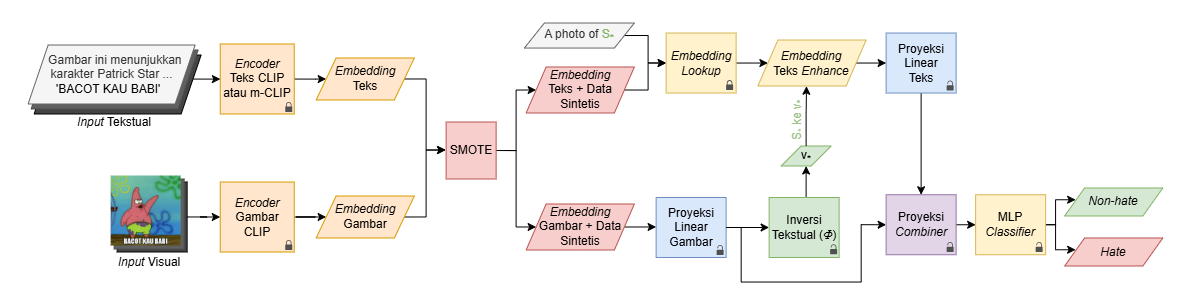

The diagram above was exported from draw.io. Its source (the exported page's mxGraphModel, read from the mxfile embedded in the PNG):
<mxGraphModel dx="1377" dy="749" grid="1" gridSize="10" guides="1" tooltips="1" connect="1" arrows="1" fold="1" page="1" pageScale="1" pageWidth="850" pageHeight="1100" math="0" shadow="0">
  <root>
    <mxCell id="0" />
    <mxCell id="1" parent="0" />
    <mxCell id="-bzWPtaJNaIJ7goBNjJm-1" parent="1" style="rounded=1;whiteSpace=wrap;html=1;strokeColor=none;" value="" vertex="1">
      <mxGeometry height="304.02" width="1190" x="7" y="320" as="geometry" />
    </mxCell>
    <mxCell id="-bzWPtaJNaIJ7goBNjJm-2" connectable="0" parent="1" style="group" value="" vertex="1">
      <mxGeometry height="76" width="76" x="117.63" y="495.49" as="geometry" />
    </mxCell>
    <mxCell id="-bzWPtaJNaIJ7goBNjJm-3" parent="-bzWPtaJNaIJ7goBNjJm-2" style="rounded=0;whiteSpace=wrap;html=1;fillColor=#444444;fontColor=#333333;strokeColor=#000000;" value="" vertex="1">
      <mxGeometry height="70" width="70" x="6" y="6" as="geometry" />
    </mxCell>
    <mxCell id="-bzWPtaJNaIJ7goBNjJm-4" parent="-bzWPtaJNaIJ7goBNjJm-2" style="rounded=0;whiteSpace=wrap;html=1;fillColor=#606060;fontColor=#333333;strokeColor=#4E4E4E;" value="" vertex="1">
      <mxGeometry height="70" width="70" x="3" y="3" as="geometry" />
    </mxCell>
    <mxCell id="-bzWPtaJNaIJ7goBNjJm-5" parent="-bzWPtaJNaIJ7goBNjJm-2" style="shape=image;verticalLabelPosition=bottom;labelBackgroundColor=default;verticalAlign=top;aspect=fixed;imageAspect=0;image=data:image/jpeg,(base64 omitted: 68188 chars);clipPath=inset(1.09% 1.09% 1.09% 1.09%);" value="" vertex="1">
      <mxGeometry height="70" width="70" as="geometry" />
    </mxCell>
    <mxCell id="-bzWPtaJNaIJ7goBNjJm-6" parent="1" style="text;html=1;whiteSpace=wrap;strokeColor=none;fillColor=none;align=center;verticalAlign=middle;rounded=0;" value="&lt;i&gt;Input &lt;/i&gt;Visual" vertex="1">
      <mxGeometry height="30" width="80" x="115.63" y="566.5" as="geometry" />
    </mxCell>
    <mxCell id="-bzWPtaJNaIJ7goBNjJm-7" edge="1" parent="1" style="edgeStyle=orthogonalEdgeStyle;rounded=0;orthogonalLoop=1;jettySize=auto;html=1;" target="-bzWPtaJNaIJ7goBNjJm-11" value="">
      <mxGeometry relative="1" as="geometry">
        <mxPoint x="300.75" y="536.5444827586207" as="sourcePoint" />
      </mxGeometry>
    </mxCell>
    <mxCell id="-bzWPtaJNaIJ7goBNjJm-8" edge="1" parent="1" source="-bzWPtaJNaIJ7goBNjJm-3" style="edgeStyle=orthogonalEdgeStyle;rounded=0;orthogonalLoop=1;jettySize=auto;html=1;entryX=0;entryY=0.5;entryDx=0;entryDy=0;" target="-bzWPtaJNaIJ7goBNjJm-41" value="">
      <mxGeometry relative="1" as="geometry">
        <mxPoint x="240.75" y="536.49" as="targetPoint" />
      </mxGeometry>
    </mxCell>
    <mxCell id="-bzWPtaJNaIJ7goBNjJm-9" edge="1" parent="1" style="edgeStyle=orthogonalEdgeStyle;rounded=0;orthogonalLoop=1;jettySize=auto;html=1;" target="-bzWPtaJNaIJ7goBNjJm-13" value="">
      <mxGeometry relative="1" as="geometry">
        <mxPoint x="300.75" y="398.54999999999995" as="sourcePoint" />
      </mxGeometry>
    </mxCell>
    <mxCell id="-bzWPtaJNaIJ7goBNjJm-10" edge="1" parent="1" source="-bzWPtaJNaIJ7goBNjJm-11" style="edgeStyle=orthogonalEdgeStyle;rounded=0;orthogonalLoop=1;jettySize=auto;html=1;exitX=1;exitY=0.5;exitDx=0;exitDy=0;entryX=0;entryY=0.5;entryDx=0;entryDy=0;">
      <mxGeometry relative="1" as="geometry">
        <Array as="points">
          <mxPoint x="432.63" y="536.5" />
          <mxPoint x="432.63" y="469.5" />
        </Array>
        <mxPoint x="452.13" y="469.485" as="targetPoint" />
      </mxGeometry>
    </mxCell>
    <mxCell id="-bzWPtaJNaIJ7goBNjJm-11" parent="1" style="shape=parallelogram;perimeter=parallelogramPerimeter;whiteSpace=wrap;html=1;fixedSize=1;fillColor=#ffe6cc;strokeColor=#d79b00;" value="&lt;i&gt;Embedding&lt;/i&gt;&lt;div&gt;&lt;span style=&quot;background-color: transparent; color: light-dark(rgb(0, 0, 0), rgb(255, 255, 255));&quot;&gt;Gambar&lt;/span&gt;&lt;/div&gt;" vertex="1">
      <mxGeometry height="42" width="98.25" x="322.63" y="515.49" as="geometry" />
    </mxCell>
    <mxCell id="-bzWPtaJNaIJ7goBNjJm-12" edge="1" parent="1" source="-bzWPtaJNaIJ7goBNjJm-13" style="edgeStyle=orthogonalEdgeStyle;rounded=0;orthogonalLoop=1;jettySize=auto;html=1;exitX=1;exitY=0.5;exitDx=0;exitDy=0;entryX=0;entryY=0.5;entryDx=0;entryDy=0;">
      <mxGeometry relative="1" as="geometry">
        <Array as="points">
          <mxPoint x="432.63" y="398.5" />
          <mxPoint x="432.63" y="469.5" />
        </Array>
        <mxPoint x="452.13" y="469.485" as="targetPoint" />
      </mxGeometry>
    </mxCell>
    <mxCell id="-bzWPtaJNaIJ7goBNjJm-13" parent="1" style="shape=parallelogram;perimeter=parallelogramPerimeter;whiteSpace=wrap;html=1;fixedSize=1;fillColor=#ffe6cc;strokeColor=#d79b00;" value="&lt;i&gt;Embedding&lt;/i&gt;&lt;div&gt;Teks&lt;/div&gt;" vertex="1">
      <mxGeometry height="42" width="98.25" x="322.63" y="377.49" as="geometry" />
    </mxCell>
    <mxCell id="-bzWPtaJNaIJ7goBNjJm-14" edge="1" parent="1" source="-bzWPtaJNaIJ7goBNjJm-16" style="edgeStyle=orthogonalEdgeStyle;rounded=0;orthogonalLoop=1;jettySize=auto;html=1;exitX=1;exitY=0.5;exitDx=0;exitDy=0;entryX=0;entryY=0.5;entryDx=0;entryDy=0;" target="-bzWPtaJNaIJ7goBNjJm-20">
      <mxGeometry relative="1" as="geometry">
        <Array as="points">
          <mxPoint x="522.63" y="469.5" />
          <mxPoint x="522.63" y="546.5" />
        </Array>
        <mxPoint x="604.26" y="536.4900000000001" as="targetPoint" />
      </mxGeometry>
    </mxCell>
    <mxCell id="-bzWPtaJNaIJ7goBNjJm-15" edge="1" parent="1" source="-bzWPtaJNaIJ7goBNjJm-16" style="edgeStyle=orthogonalEdgeStyle;rounded=0;orthogonalLoop=1;jettySize=auto;html=1;exitX=1;exitY=0.5;exitDx=0;exitDy=0;entryX=0;entryY=0.5;entryDx=0;entryDy=0;" target="-bzWPtaJNaIJ7goBNjJm-18">
      <mxGeometry relative="1" as="geometry">
        <Array as="points">
          <mxPoint x="522.63" y="469.5" />
          <mxPoint x="522.63" y="409.5" />
        </Array>
      </mxGeometry>
    </mxCell>
    <mxCell id="-bzWPtaJNaIJ7goBNjJm-16" parent="1" style="rounded=0;whiteSpace=wrap;html=1;fillColor=#f8cecc;strokeColor=#b85450;rotation=0;" value="SMOTE" vertex="1">
      <mxGeometry height="56.97" width="50" x="452.63" y="441.52" as="geometry" />
    </mxCell>
    <mxCell id="-bzWPtaJNaIJ7goBNjJm-17" edge="1" parent="1" source="-bzWPtaJNaIJ7goBNjJm-18" style="edgeStyle=orthogonalEdgeStyle;rounded=0;orthogonalLoop=1;jettySize=auto;html=1;exitX=1;exitY=0.5;exitDx=0;exitDy=0;entryX=0;entryY=0.5;entryDx=0;entryDy=0;">
      <mxGeometry relative="1" as="geometry">
        <Array as="points">
          <mxPoint x="654.63" y="409.51" />
          <mxPoint x="654.63" y="382.51" />
        </Array>
        <mxPoint x="672.63" y="382.535" as="targetPoint" />
      </mxGeometry>
    </mxCell>
    <mxCell id="-bzWPtaJNaIJ7goBNjJm-18" parent="1" style="shape=parallelogram;perimeter=parallelogramPerimeter;whiteSpace=wrap;html=1;fixedSize=1;fillColor=#f8cecc;strokeColor=#b85450;" value="&lt;i&gt;Embedding&lt;/i&gt;&lt;div&gt;Teks + Data Sintetis&lt;/div&gt;" vertex="1">
      <mxGeometry height="46.01" width="108.25" x="532.63" y="386.49" as="geometry" />
    </mxCell>
    <mxCell id="-bzWPtaJNaIJ7goBNjJm-19" edge="1" parent="1" source="-bzWPtaJNaIJ7goBNjJm-20" style="edgeStyle=orthogonalEdgeStyle;rounded=0;orthogonalLoop=1;jettySize=auto;html=1;exitX=1;exitY=0.5;exitDx=0;exitDy=0;entryX=0;entryY=0.5;entryDx=0;entryDy=0;" target="-bzWPtaJNaIJ7goBNjJm-22">
      <mxGeometry relative="1" as="geometry" />
    </mxCell>
    <mxCell id="-bzWPtaJNaIJ7goBNjJm-20" parent="1" style="shape=parallelogram;perimeter=parallelogramPerimeter;whiteSpace=wrap;html=1;fixedSize=1;fillColor=#f8cecc;strokeColor=#b85450;" value="&lt;i&gt;Embedding&lt;/i&gt;&lt;div&gt;Gambar + Data Sintetis&lt;/div&gt;" vertex="1">
      <mxGeometry height="46.01" width="108.25" x="532.63" y="523.49" as="geometry" />
    </mxCell>
    <mxCell id="-bzWPtaJNaIJ7goBNjJm-21" edge="1" parent="1" source="-bzWPtaJNaIJ7goBNjJm-22" style="edgeStyle=orthogonalEdgeStyle;rounded=0;orthogonalLoop=1;jettySize=auto;html=1;exitX=1;exitY=0.5;exitDx=0;exitDy=0;entryX=0;entryY=0.5;entryDx=0;entryDy=0;" target="-bzWPtaJNaIJ7goBNjJm-31">
      <mxGeometry relative="1" as="geometry">
        <Array as="points">
          <mxPoint x="747.63" y="547.51" />
          <mxPoint x="747.63" y="601.51" />
          <mxPoint x="867.63" y="601.51" />
          <mxPoint x="867.63" y="544.51" />
        </Array>
      </mxGeometry>
    </mxCell>
    <mxCell id="-bzWPtaJNaIJ7goBNjJm-22" parent="1" style="rounded=0;whiteSpace=wrap;html=1;fillColor=#dae8fc;strokeColor=#6c8ebf;" value="Proyeksi&lt;div&gt;Linear&lt;/div&gt;&lt;div&gt;Gambar&lt;/div&gt;" vertex="1">
      <mxGeometry height="59.99" width="70" x="662.63" y="517" as="geometry" />
    </mxCell>
    <mxCell id="-bzWPtaJNaIJ7goBNjJm-23" parent="1" style="sketch=0;pointerEvents=1;shadow=0;dashed=0;html=1;strokeColor=none;fillColor=#505050;labelPosition=center;verticalLabelPosition=bottom;verticalAlign=top;outlineConnect=0;align=center;shape=mxgraph.office.security.lock_unprotected;rotation=0;" value="" vertex="1">
      <mxGeometry height="10" width="7" x="723.13" y="564.49" as="geometry" />
    </mxCell>
    <mxCell id="-bzWPtaJNaIJ7goBNjJm-24" edge="1" parent="1" source="-bzWPtaJNaIJ7goBNjJm-25" style="edgeStyle=orthogonalEdgeStyle;rounded=0;orthogonalLoop=1;jettySize=auto;html=1;exitX=0.5;exitY=1;exitDx=0;exitDy=0;entryX=0.5;entryY=0;entryDx=0;entryDy=0;" target="-bzWPtaJNaIJ7goBNjJm-31">
      <mxGeometry relative="1" as="geometry" />
    </mxCell>
    <mxCell id="-bzWPtaJNaIJ7goBNjJm-25" parent="1" style="rounded=0;whiteSpace=wrap;html=1;fillColor=#dae8fc;strokeColor=#6c8ebf;" value="Proyeksi&lt;div&gt;Linear&lt;/div&gt;&lt;div&gt;Teks&lt;/div&gt;" vertex="1">
      <mxGeometry height="59.99" width="70" x="892.63" y="352.54" as="geometry" />
    </mxCell>
    <mxCell id="-bzWPtaJNaIJ7goBNjJm-26" parent="1" style="sketch=0;pointerEvents=1;shadow=0;dashed=0;html=1;strokeColor=none;fillColor=#505050;labelPosition=center;verticalLabelPosition=bottom;verticalAlign=top;outlineConnect=0;align=center;shape=mxgraph.office.security.lock_unprotected;rotation=0;" value="" vertex="1">
      <mxGeometry height="10" width="7" x="953.13" y="400.03000000000003" as="geometry" />
    </mxCell>
    <mxCell id="-bzWPtaJNaIJ7goBNjJm-27" edge="1" parent="1" source="-bzWPtaJNaIJ7goBNjJm-28" style="edgeStyle=orthogonalEdgeStyle;rounded=0;orthogonalLoop=1;jettySize=auto;html=1;exitX=0.5;exitY=0;exitDx=0;exitDy=0;entryX=0.5;entryY=1;entryDx=0;entryDy=0;" target="-bzWPtaJNaIJ7goBNjJm-52">
      <mxGeometry relative="1" as="geometry" />
    </mxCell>
    <mxCell id="-bzWPtaJNaIJ7goBNjJm-28" parent="1" style="rounded=0;whiteSpace=wrap;html=1;fillColor=#d5e8d4;strokeColor=#82b366;" value="&lt;div&gt;&lt;font style=&quot;font-size: 12px;&quot;&gt;Inversi Tekstual (&lt;/font&gt;&lt;i style=&quot;background-color: transparent; color: light-dark(rgb(0, 0, 0), rgb(255, 255, 255)); font-family: &amp;quot;Times New Roman&amp;quot;;&quot;&gt;Φ&lt;/i&gt;&lt;span style=&quot;background-color: transparent; color: light-dark(rgb(0, 0, 0), rgb(255, 255, 255));&quot;&gt;)&lt;/span&gt;&lt;/div&gt;" vertex="1">
      <mxGeometry height="59.99" width="70" x="775.63" y="517" as="geometry" />
    </mxCell>
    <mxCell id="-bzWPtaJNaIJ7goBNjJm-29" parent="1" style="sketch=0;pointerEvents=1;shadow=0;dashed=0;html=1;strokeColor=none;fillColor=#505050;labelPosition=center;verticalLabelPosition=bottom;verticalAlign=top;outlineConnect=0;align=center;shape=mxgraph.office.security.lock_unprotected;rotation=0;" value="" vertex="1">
---
### What is being asked:
Scan the records above for the string "targetPoint", then select every line that holds it.

### Answer for this exercise:
        <mxPoint x="240.75" y="536.49" as="targetPoint" />
        <mxPoint x="452.13" y="469.485" as="targetPoint" />
        <mxPoint x="452.13" y="469.485" as="targetPoint" />
        <mxPoint x="604.26" y="536.4900000000001" as="targetPoint" />
        <mxPoint x="672.63" y="382.535" as="targetPoint" />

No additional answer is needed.